I wanted to google "huge banana" but I'm pretty sure all I'd get is dick pictures.
I need to surround myself with more reliable stoners...
You looked cold, so i decided to make you a blanket out of sticky notes.
What makeup look will say to the therapist 'I am a smart, well-adjusted young woman'?
we were running to make last call and you stopped me and said very seriously "if i fall, go on without me. just make sure theres a beer in my hand when you go"
All she was asking was for you to describe your coat so she could get it, but you kept yelling at her so the security threw you out.
We're not even buying beer. Just vodka.
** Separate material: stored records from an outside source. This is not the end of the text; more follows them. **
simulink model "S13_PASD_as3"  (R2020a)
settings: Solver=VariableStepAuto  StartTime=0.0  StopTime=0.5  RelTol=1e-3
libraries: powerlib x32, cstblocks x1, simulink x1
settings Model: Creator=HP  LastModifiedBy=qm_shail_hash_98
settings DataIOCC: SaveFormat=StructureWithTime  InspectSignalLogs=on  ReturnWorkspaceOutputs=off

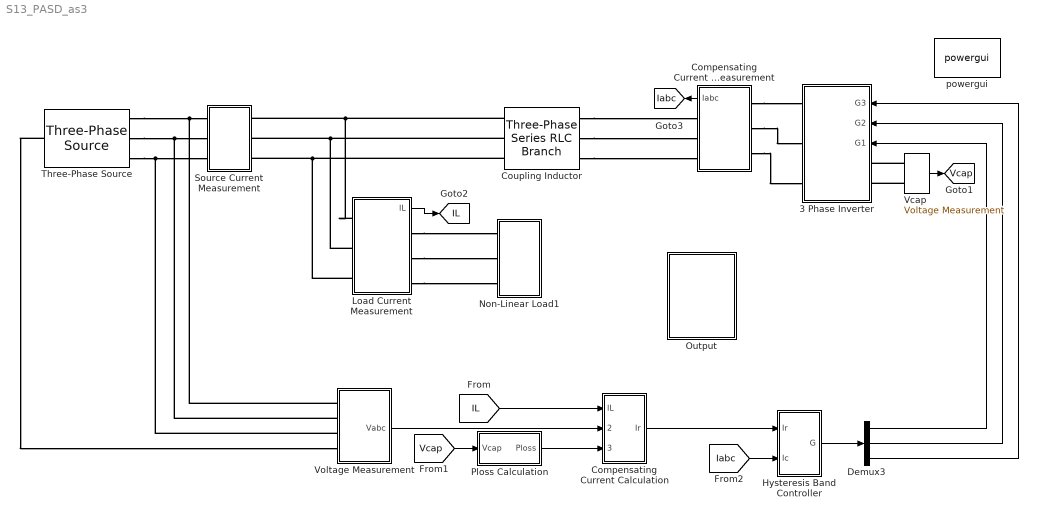
== system S13_PASD_as3 ==
  3 Phase Inverter : Subsystem
  Compensating Current Calculation : Subsystem
  Compensating Current Measurement : Subsystem
  Coupling Inductor : powerlib/Elements/Three-Phase Series RLC Branch  LConnTagsString=A|B|C  RConnTagsString=A|B|C  BranchType=RL  Resistance=0.0001  Inductance=0.0004  Capacitance=1e-6  Measurements=None
  Demux3 : Demux  Outputs=3
  Hysteresis Band Controller : Subsystem
  Load Current Measurement : Subsystem
  "Non-Linear Load1 " : Subsystem
  Output : Subsystem
  Ploss Calculation : Subsystem
  Source Current Measurement : Subsystem
  Three-Phase Source : powerlib/Electrical Sources/Three-Phase Source  InternalConnection=Yn  VoltagePhases=off  Voltage=400  PhaseAngle=0  Voltage_phases=[25e3 25e3 25e3]/sqrt(3)  PhaseAngles_phases=[0 -120 +120]  Frequency=50  NonIdealSource=on  SpecifyImpedance=on  Resistance=0.8929  Inductance=16.58e-3  ShortCircuitLevel=100e6  BaseVoltage=40.83  XRratio=10  BusType=swing  Pref=0  Qref=0  Prefabc=[10e3, 10e3, 10e3]  Qrefabc=[0, 0, 0]  Qmin=-inf  Qmax=inf
  Vcap : powerlib/Measurements/Voltage Measurement  PhasorSimulation=off  OutputType=Complex  PSBequivalent=0
  Voltage Measurement : Subsystem
  powergui : powerlib/powergui  Priority=1  SimulationMode=Discrete  SampleTime=5e-7  frequency=60  Iterations=50  frequencyindice=50  Pbase=100e6  ErrMax=1e-4  UnitsV=kV  UnitsW=MW  buscounter=0  FunctionMessages=off  echomessages=off  EnableUseOfTLC=off  CurrentSourceSwitches=off  DisableSnubberDevices=off  DisableRonSwitches=off  DisableVfSwitches=off  DisplayEquations=off  AutomaticDiscreteSolvers=off  SolverType=Backward Euler  Interpol=off  ExternalGateDelay=off  methode=off  Ts=0  x0status=blocks  SPID=off  SwTol=0  HookPort=off  NonlinearTolerance=1e-4  nMaxIteration=100  ContinueOnMaxIteration=off  RestoreLinks=warning  ResistiveCurrentMeasurement=off  Frange=[0:2:500]  Ylog=off  Xlog=on  ShowGrid=off  save=off  variable=ZData  structure=IS  ZoomFFT=off  StartTime=0.3  cycles=5  DisplayStyle=1  fundamental=50  FreqAxis=off  MaxFrequency=1000  frequencyindicesteady=1  RmsSteady=1  display=off
  tag scope: IL=global, Iabc=global, Vcap=global
  wires:
  Load Current Measurement/1(IL) -> [IL]
  [IL] -> Compensating Current Calculation/1(IL)
  Voltage Measurement/1(Vabc) -> Compensating Current Calculation/2(Vabc)
  Ploss Calculation/1(Ploss) -> Compensating Current Calculation/3(Ploss)
  [Vcap] -> Ploss Calculation/1(Vcap)
  Vcap/1 -> [Vcap]
  Hysteresis Band Controller/1(G) -> Demux3/1
  Demux3/2 -> 3 Phase Inverter/2(G2)
  Compensating Current Calculation/1(Ir) -> Hysteresis Band Controller/1(Ir)
  Compensating Current Measurement/1(Iabc) -> [Iabc]
  [Iabc] -> Hysteresis Band Controller/2(Ic)
  Demux3/1 -> 3 Phase Inverter/3(G1)
  Demux3/3 -> 3 Phase Inverter/1(G3)
  connections:
  Three-Phase Source/RConn1 -- Voltage Measurement/LConn1 -- Source Current Measurement/LConn1
  Three-Phase Source/RConn2 -- Voltage Measurement/LConn2 -- Source Current Measurement/LConn2
  Three-Phase Source/RConn3 -- Voltage Measurement/LConn3 -- Source Current Measurement/LConn3
  Three-Phase Source/LConn1 -- Voltage Measurement/LConn4
  Load Current Measurement/LConn3 -- Coupling Inductor/LConn3 -- Source Current Measurement/RConn3
  Load Current Measurement/LConn1 -- Source Current Measurement/RConn1 -- Coupling Inductor/LConn1
  Load Current Measurement/LConn2 -- Coupling Inductor/LConn2 -- Source Current Measurement/RConn2
  Vcap/LConn2 -- 3 Phase Inverter/LConn2
  Load Current Measurement/RConn1 -- "Non-Linear Load1 "/LConn1
  Load Current Measurement/RConn2 -- "Non-Linear Load1 "/LConn2
  Load Current Measurement/RConn3 -- "Non-Linear Load1 "/LConn3
  Vcap/LConn1 -- 3 Phase Inverter/LConn1
  Compensating Current Measurement/LConn1 -- 3 Phase Inverter/RConn1
  Compensating Current Measurement/LConn2 -- 3 Phase Inverter/RConn2
  Compensating Current Measurement/LConn3 -- 3 Phase Inverter/RConn3
  Coupling Inductor/RConn1 -- Compensating Current Measurement/RConn1
  Coupling Inductor/RConn2 -- Compensating Current Measurement/RConn2
  Coupling Inductor/RConn3 -- Compensating Current Measurement/RConn3

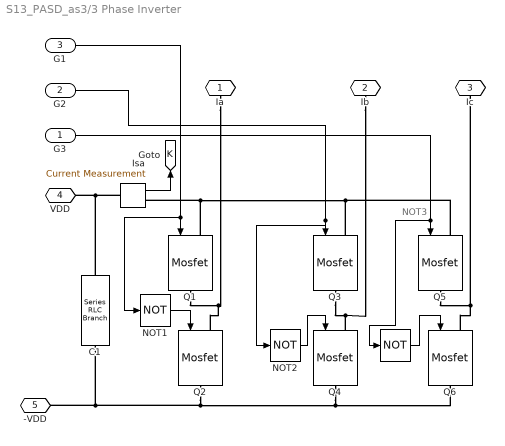
== system S13_PASD_as3/3 Phase Inverter ==
  note: NOT3
  G3 : Inport
  G2 : Inport  Port=2
  G1 : Inport  Port=3
  " " : Logic  Operator=NOT  AllPortsSameDT=off  OutDataTypeStr=boolean
  C1 : powerlib/Elements/Series RLC Branch  LConnTagsString=__new0  RConnTagsString=__new0  BranchType=C  Resistance=1  Inductance=1e-3  SetiL0=off  InitialCurrent=0  Capacitance=500e-6  Setx0=off  InitialVoltage=700  Measurements=None
  Isa : powerlib/Measurements/Current Measurement  PhasorSimulation=off  OutputType=Complex  PSBequivalent=0
  NOT1 : Logic  Operator=NOT  AllPortsSameDT=off  OutDataTypeStr=boolean
  NOT2 : Logic  Operator=NOT  AllPortsSameDT=off  OutDataTypeStr=boolean
  Q{1..6} (6 alike) : powerlib/Power Electronics/Mosfet  Ron=0.01  Lon=0  Rd=0.01  Vfd=0  IC=0  Rs=1e10  Cs=inf  Measurements=off
  Ia : PMIOPort  Side=Right
  Ib : PMIOPort  Port=2  Side=Right
  Ic : PMIOPort  Port=3  Side=Right
  VDD : PMIOPort  Port=4  Side=Left
  -VDD : PMIOPort  Port=5  Side=Left
  tag scope: K=global
  wires:
  NOT1/1 -> Q2/1
  NOT2/1 -> Q4/1
  " "/1 -> Q6/1
  G1/1 -> NOT1/1, Q1/1
  G2/1 -> Q3/1, NOT2/1
  G3/1 -> Q5/1, " "/1
  Isa/1 -> [K]
  connections:
  Q1/RConn1 -- Ia/RConn1 -- Q2/LConn1
  Isa/LConn1 -- VDD/RConn1 -- C1/LConn1
  Q3/RConn1 -- Ib/RConn1 -- Q4/LConn1
  Q6/LConn1 -- Ic/RConn1 -- Q5/RConn1
  Q1/LConn1 -- Isa/RConn1 -- Q5/LConn1 -- Q3/LConn1
  Q2/RConn1 -- C1/RConn1 -- -VDD/RConn1 -- Q4/RConn1 -- Q6/RConn1

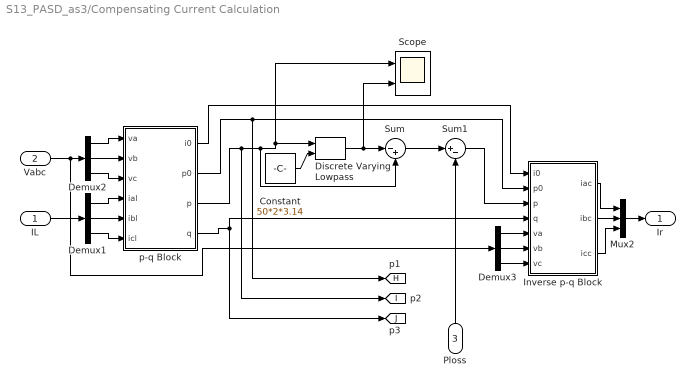
== system S13_PASD_as3/Compensating Current Calculation ==
  IL : Inport
  Vabc : Inport  Port=2
  Ploss : Inport  Port=3
  Constant : Constant  Value=50*2*3.14
  Demux1 : Demux  Outputs=3
  Demux2 : Demux  Outputs=3
  Demux3 : Demux  Outputs=3
  Discrete Varying Lowpass : cstblocks/Linear Parameter Varying/Discrete Varying Lowpass  N=3  w0=0  Ts=1e-3
      settings: SourceProductBaseCode=CT
  Inverse p-q Block : MATLAB Function  TreatAsAtomicUnit=on
  Mux2 : Mux  Inputs=3
  Scope : Scope  NumInputPorts=2
  Sum : Sum  Inputs=|-+
  Sum1 : Sum  Inputs=|+-
  p-q Block : MATLAB Function  TreatAsAtomicUnit=on
  Ir : Outport
  tag scope: H=global, I=global, J=global
  wires:
  Inverse p-q Block/3(icc) -> Mux2/3
  IL/1 -> Demux1/1
  Demux1/2 -> p-q Block/5(ibl)
  Mux2/1 -> Ir/1
  Inverse p-q Block/1(iac) -> Mux2/1
  Demux1/1 -> p-q Block/4(ial)
  Inverse p-q Block/2(ibc) -> Mux2/2
  p-q Block/1(i0) -> Inverse p-q Block/1(i0)
  p-q Block/3(p) -> [I], Scope/1, Discrete Varying Lowpass/1, Sum/2
  Ploss/1 -> Sum1/2
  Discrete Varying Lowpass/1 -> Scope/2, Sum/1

In pre-retrospect this was a bad idea but we're doing it anyway
Dad says your scarf isnt fooling anyone and u look like a douchebag, its literally the perfect time to tell him your gay
They're frat boys at heart and have sickly, dusty, rotting souls.
Please make sure you have solid number of friends around you that wouldn't be afraid to break a bottle and stab someone. If you're planning on drinking all of that, you're going to need a safety net.
I can't believe you didn't come out. There was a duckling ON THE BAR!
At first I was nervous about leaving him my undergraduate legacy, but apparently he made out with lesbians, woke up with hickeys and a different shirt. My family name will survive.
She asked me to dress as captain planet for halloween and told me she was gonna suck the pollution out of my dick.
Totally just made a post sex emergency cupcake run. My life is awesome.
It's the first weekend of the school year and I'm already selling stuff for booze. Need a microwave?